Note: it's not clear that there will in fact be benefit. It is important to distinguish the variation of load across different nodes in DHT, and load across time (on all the nodes). Markets can potentially provide benefit in this way. The description of the above concentrates on the former.


Phase 2:

Summary Begin experiment, which involves simulation-based (Phase 1b) and deployment-based data. The point of the experiment is to compare standard proportional-share scheduling versus the current Tycoon market scheduling from the standpoint of a service like DHT. If DHT can use something like Tycoon, we want to understand how much better we can do.
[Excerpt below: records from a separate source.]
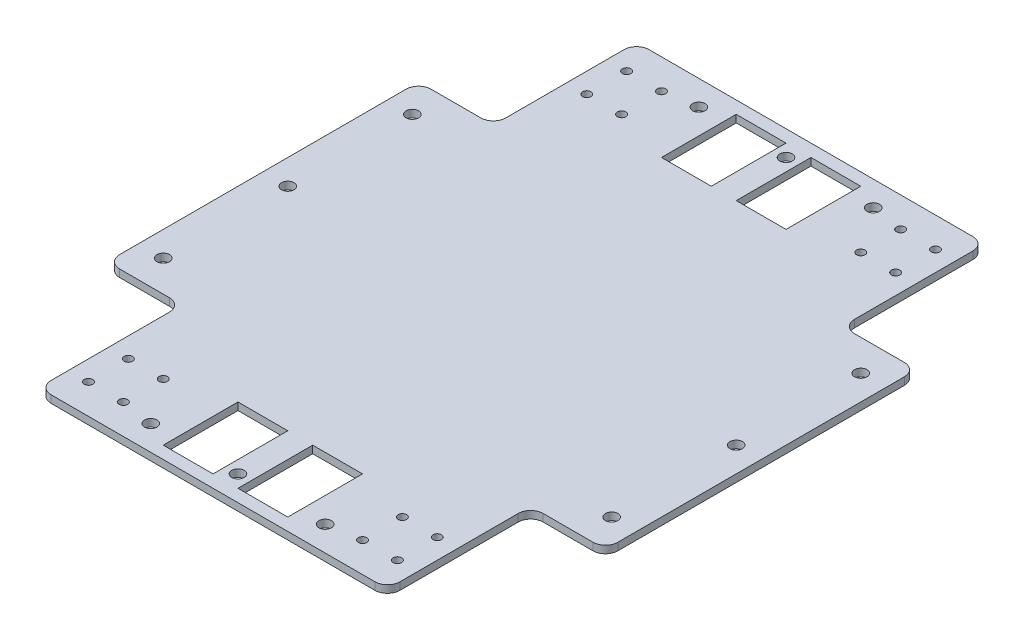
SolidWorks part; units mm, degrees
ref_plane "前视基准面" through (0, 0, 0) normal (0, 0, 1) x (1, 0, 0)
ref_plane "上视基准面" through (0, 0, 0) normal (0, 1, 0) x (1, 0, 0)
ref_plane "右视基准面" through (0, 0, 0) normal (1, 0, 0) x (0, 0, -1)
other "Configuration Table"
sketch "草图1" plane through (0, 0, 0) normal (0, 1, 0) x (1, 0, 0)
  line L0 (0, 120) -> (0, -49880) construction
  line L5 (-100, -120) -> (100, 120) construction
  line L6 (-100, 120) -> (100, -120) construction
  line L7 (-100, 120) -> (-70, 120)
  line L8 (-100, 120) -> (-100, 80)
  line L9 (-95, 80) -> (-75, 80)
  line L10 (-70, 115) -> (-70, 85)
  line L11 (-65, 0) -> (49935, 0) construction
  line L12 (-70, 120) -> (-70, 113)
  line L13 (-70, 113) -> (-70, 87)
  line L14 (-70, 87) -> (-70, 80)
  line L15 (-70, 113) -> (-40, 113)
  line L16 (-40, 113) -> (-40, 87)
  line L17 (-40, 87) -> (-70, 87)
  line L18 (-70, 113) -> (-70, 108)
  line L19 (-70, 87) -> (-70, 92)
  line L20 (-40, 87) -> (-48, 87)
  line L21 (-48, 87) -> (-48, 92)
  line L22 (-48, 92) -> (-40, 92)
  line L23 (-70, 92) -> (-62, 92)
  line L24 (-62, 92) -> (-62, 87)
  line L25 (-70, 100) -> (-40, 100) construction
  line L26 (0, 120) -> (0, 0)
  line L27 (0, 0) -> (-100, 0)
  line L28 (-70, 80) -> (0, 80)
  line L29 (95, 80) -> (75, 80)
  line L30 (70, 115) -> (70, 85)
  line L31 (95, -80) -> (75, -80)
  line L32 (70, -115) -> (70, -85)
  line L33 (-70, -115) -> (-70, -85)
  line L34 (-95, -80) -> (-75, -80)
  line L35 (0, 120) -> (0, 100)
  line L36 (0, 100) -> (-25, 100)
  line L37 (-25, 100) -> (-25, 115)
  line L38 (-25, 100) -> (-25, 85)
  line L39 (-25, 85) -> (-5, 85)
  line L40 (-25, 115) -> (-5, 115)
  line L41 (-5, 115) -> (-5, 85)
  line L42 (5, 115) -> (5, 85)
  line L43 (25, 100) -> (25, 85)
  line L44 (25, 85) -> (5, 85)
  line L45 (25, 115) -> (5, 115)
  line L46 (25, 100) -> (25, 115)
  line L47 (25, -85) -> (5, -85)
  line L48 (25, -100) -> (25, -85)
  line L49 (25, -100) -> (25, -115)
  line L50 (25, -115) -> (5, -115)
  line L51 (5, -115) -> (5, -85)
  line L52 (-25, -100) -> (-25, -115)
  line L53 (-25, -100) -> (-25, -85)
  line L54 (-25, -85) -> (-5, -85)
  line L55 (-5, -115) -> (-5, -85)
  line L56 (-25, -115) -> (-5, -115)
  line L57 (-100, 0) -> (-90, 0)
  line L58 (0, 120) -> (0, 100)
  line L59 (0, 120) -> (0, 110)
  line L60 (-100, 75) -> (-100, -75)
  line L61 (-65, -120) -> (65, -120)
  line L62 (100, 75) -> (100, -75)
  line L63 (-65, 120) -> (65, 120)
  circle A0 centre (-62, 92) radius 1.7
  circle A1 centre (-48, 92) radius 1.7
  circle A2 centre (-48, 108) radius 1.7
  circle A3 centre (-62, 108) radius 1.7
  circle A4 centre (48, 108) radius 1.7
  circle A5 centre (48, 92) radius 1.7
  circle A6 centre (62, 92) radius 1.7
  circle A7 centre (62, 108) radius 1.7
  circle A8 centre (62, -108) radius 1.7
  circle A9 centre (62, -92) radius 1.7
  circle A10 centre (48, -92) radius 1.7
  circle A11 centre (48, -108) radius 1.7
  circle A12 centre (-48, -92) radius 1.7
  circle A13 centre (-62, -92) radius 1.7
  circle A14 centre (-48, -108) radius 1.7
  circle A15 centre (-62, -108) radius 1.7
  circle A16 centre (-90, 0) radius 2.5
  circle A17 centre (-90, 50) radius 2.5
  circle A18 centre (-90, -50) radius 2.5
  circle A19 centre (90, -50) radius 2.5
  circle A20 centre (90, 0) radius 2.5
  circle A21 centre (90, 50) radius 2.5
  circle A22 centre (0, 110) radius 2.5
  circle A23 centre (35, 110) radius 2.5
  circle A24 centre (-35, 110) radius 2.5
  circle A25 centre (35, -110) radius 2.5
  circle A26 centre (0, -110) radius 2.5
  circle A27 centre (-35, -110) radius 2.5
  arc A28 (-95, -80) -> (-100, -75) centre (-95, -75) cw
  arc A29 (-70, -85) -> (-75, -80) centre (-75, -85) ccw
  arc A30 (-65, -120) -> (-70, -115) centre (-65, -115) cw
  arc A31 (70, -115) -> (65, -120) centre (65, -115) cw
  arc A32 (70, 85) -> (75, 80) centre (75, 85) ccw
  arc A33 (75, -80) -> (70, -85) centre (75, -85) ccw
  arc A34 (95, -80) -> (100, -75) centre (95, -75) ccw
  arc A35 (95, 80) -> (100, 75) centre (95, 75) cw
  arc A36 (70, 115) -> (65, 120) centre (65, 115) ccw
  arc A37 (-70, 115) -> (-65, 120) centre (-65, 115) cw
  arc A38 (-70, 85) -> (-75, 80) centre (-75, 85) cw
  arc A39 (-95, 80) -> (-100, 75) centre (-95, 75) ccw
  point P0 (0, 0)
  point P15 (-100, -80)
  point P119 (-70, -80)
  point P122 (-70, -120)
  point P125 (70, -120)
  point P128 (70, 80)
  point P131 (70, -80)
  point P134 (100, -80)
  point P137 (100, 80)
  point P140 (70, 120)
  dimension "D12" = 3.4
  dimension "D13" = 3.4
  dimension "D19" = 5
  dimension "D23" = 5
  dimension "D25" = 5
  dimension "D26" = 5
  dimension "D1" = 200
  dimension "D2" = 240
  dimension "D3" = 30
  dimension "D4" = 40
  dimension "D5" = 7
  dimension "D6" = 7
  dimension "D7" = 30
  dimension "D8" = 5
  dimension "D9" = 5
  dimension "D10" = 8
  dimension "D11" = 8
  dimension "D14" = 25
  dimension "D15" = 15
  dimension "D16" = 15
  dimension "D17" = 20
  dimension "D18" = 10
  dimension "D21" = 20
  dimension "D22" = 10
  dimension "D20" = 2
  dimension "D24" = 2
extrude "凸台-拉伸2" add sketch "草图1" along normal blind 3
sketch "草图3" plane through (0, 3, 0) normal (0, 1, 0) x (1, 0, 0)
  line L0 (-100, 75) -> (-100, 57.5)
  line L1 (-70, 85) -> (-100, 85)
  line L2 (-70, 85) -> (-70, 75)
  line L3 (-70, 75) -> (-100, 75)
  line L4 (-100, 85) -> (-100, 75)
  line L5 (-100, 75) -> (-70, 75)
  line L6 (-100, 75) -> (-100, 62.5)
  line L7 (-95, 62.5) -> (-75, 62.5)
  line L8 (-70, 75) -> (-70, 67.5)
  line L9 (-100, 62.5) -> (-70, 62.5)
  line L10 (-100, 57.5) -> (-100, 55.3401)
  line L11 (-100, 55.3401) -> (-70, 55.3401)
  line L12 (-70, 62.5) -> (-70, 55.3401)
  line L13 (-70, 62.284) -> (-70, 67.5)
  line L14 (0, 0) -> (50000, 0) construction
  line L15 (0, -1000) -> (0, 49000) construction
  line L16 (-100, 62.5) -> (-100, 57.5)
  line L17 (-100, 62.5) -> (-100, 75)
  line L18 (100, 62.5) -> (100, 75)
  line L19 (100, 62.5) -> (100, 57.5)
  line L20 (70, 62.284) -> (70, 67.5)
  line L21 (70, 62.5) -> (70, 55.3401)
  line L22 (100, 55.3401) -> (70, 55.3401)
  line L23 (100, 57.5) -> (100, 55.3401)
  line L24 (100, 62.5) -> (70, 62.5)
  line L25 (70, 75) -> (70, 67.5)
  line L26 (95, 62.5) -> (75, 62.5)
  line L27 (100, 75) -> (100, 62.5)
  line L28 (100, 75) -> (70, 75)
  line L29 (100, 85) -> (100, 75)
  line L30 (70, 75) -> (100, 75)
  line L31 (70, 85) -> (70, 75)
  line L32 (70, 85) -> (100, 85)
  line L33 (100, 75) -> (100, 57.5)
  line L34 (100, -75) -> (100, -57.5)
  line L35 (70, -85) -> (100, -85)
  line L36 (70, -85) -> (70, -75)
  line L37 (70, -75) -> (100, -75)
  line L38 (100, -85) -> (100, -75)
  line L39 (100, -75) -> (70, -75)
  line L40 (100, -75) -> (100, -62.5)
  line L41 (95, -62.5) -> (75, -62.5)
  line L42 (70, -75) -> (70, -67.5)
  line L43 (100, -62.5) -> (70, -62.5)
  line L44 (100, -57.5) -> (100, -55.3401)
  line L45 (100, -55.3401) -> (70, -55.3401)
  line L46 (70, -62.5) -> (70, -55.3401)
  line L47 (70, -62.284) -> (70, -67.5)
  line L48 (100, -62.5) -> (100, -57.5)
  line L49 (100, -62.5) -> (100, -75)
  line L50 (-100, -62.5) -> (-100, -75)
  line L51 (-100, -62.5) -> (-100, -57.5)
  line L52 (-70, -62.284) -> (-70, -67.5)
  line L53 (-70, -62.5) -> (-70, -55.3401)
  line L54 (-100, -55.3401) -> (-70, -55.3401)
  line L55 (-100, -57.5) -> (-100, -55.3401)
  line L56 (-100, -62.5) -> (-70, -62.5)
  line L57 (-70, -75) -> (-70, -67.5)
  line L58 (-95, -62.5) -> (-75, -62.5)
  line L59 (-100, -75) -> (-100, -62.5)
  line L60 (-100, -75) -> (-70, -75)
  line L61 (-100, -85) -> (-100, -75)
  line L62 (-70, -75) -> (-100, -75)
  line L63 (-70, -85) -> (-70, -75)
  line L64 (-70, -85) -> (-100, -85)
  line L65 (-100, -75) -> (-100, -57.5)
  arc A0 (-75, 62.5) -> (-70, 67.5) centre (-75, 67.5) ccw
  arc A1 (-95, 62.5) -> (-100, 57.5) centre (-95, 57.5) ccw
  arc A2 (95, 62.5) -> (100, 57.5) centre (95, 57.5) cw
  arc A3 (75, 62.5) -> (70, 67.5) centre (75, 67.5) cw
  arc A4 (75, -62.5) -> (70, -67.5) centre (75, -67.5) ccw
  arc A5 (95, -62.5) -> (100, -57.5) centre (95, -57.5) ccw
  arc A6 (-95, -62.5) -> (-100, -57.5) centre (-95, -57.5) cw
  arc A7 (-75, -62.5) -> (-70, -67.5) centre (-75, -67.5) cw
  dimension "D2" = 5
  dimension "D1" = 12.5
extrude "切除-拉伸2" cut sketch "草图3" against normal blind 3 contours L32 L31 L28 L29 | A3 L24 L18 L28 L25 | L24 A2 L19 | L1 L4 L3 L2 | L7 A0 L8 L3 L0 L9 | A1 L9 L0 | A7 L56 L50 L60 L57 | L64 L63 L60 L61 | L56 A6 L51 | L35 L38 L37 L36 | L41 A4 L42 L37 L34 L43 | A5 L43 L34

We can control the Tycoon nodes that have been integrated with PlanetLab.

Steps needed to be taken include:

  • simulation-based experiments will require use of application-trace from something like OpenDHT. Need to talk to Sean Rhea to obtain this.
  • deployment-based data will involve getting trace of usage from current Tycoon Grid users and whichever PLab users we can convince to use it.

Note: We have to understand how OpenDHT uses existing load data to do its own load balancing for its clients. It will be important to note the difference between the "load signals" market prices can provide, and what other benefits (prioritization) having market prices provide.


Phase 3: (optional)

Summary Experiments involving having multiple instantiations of DHT simultaneously.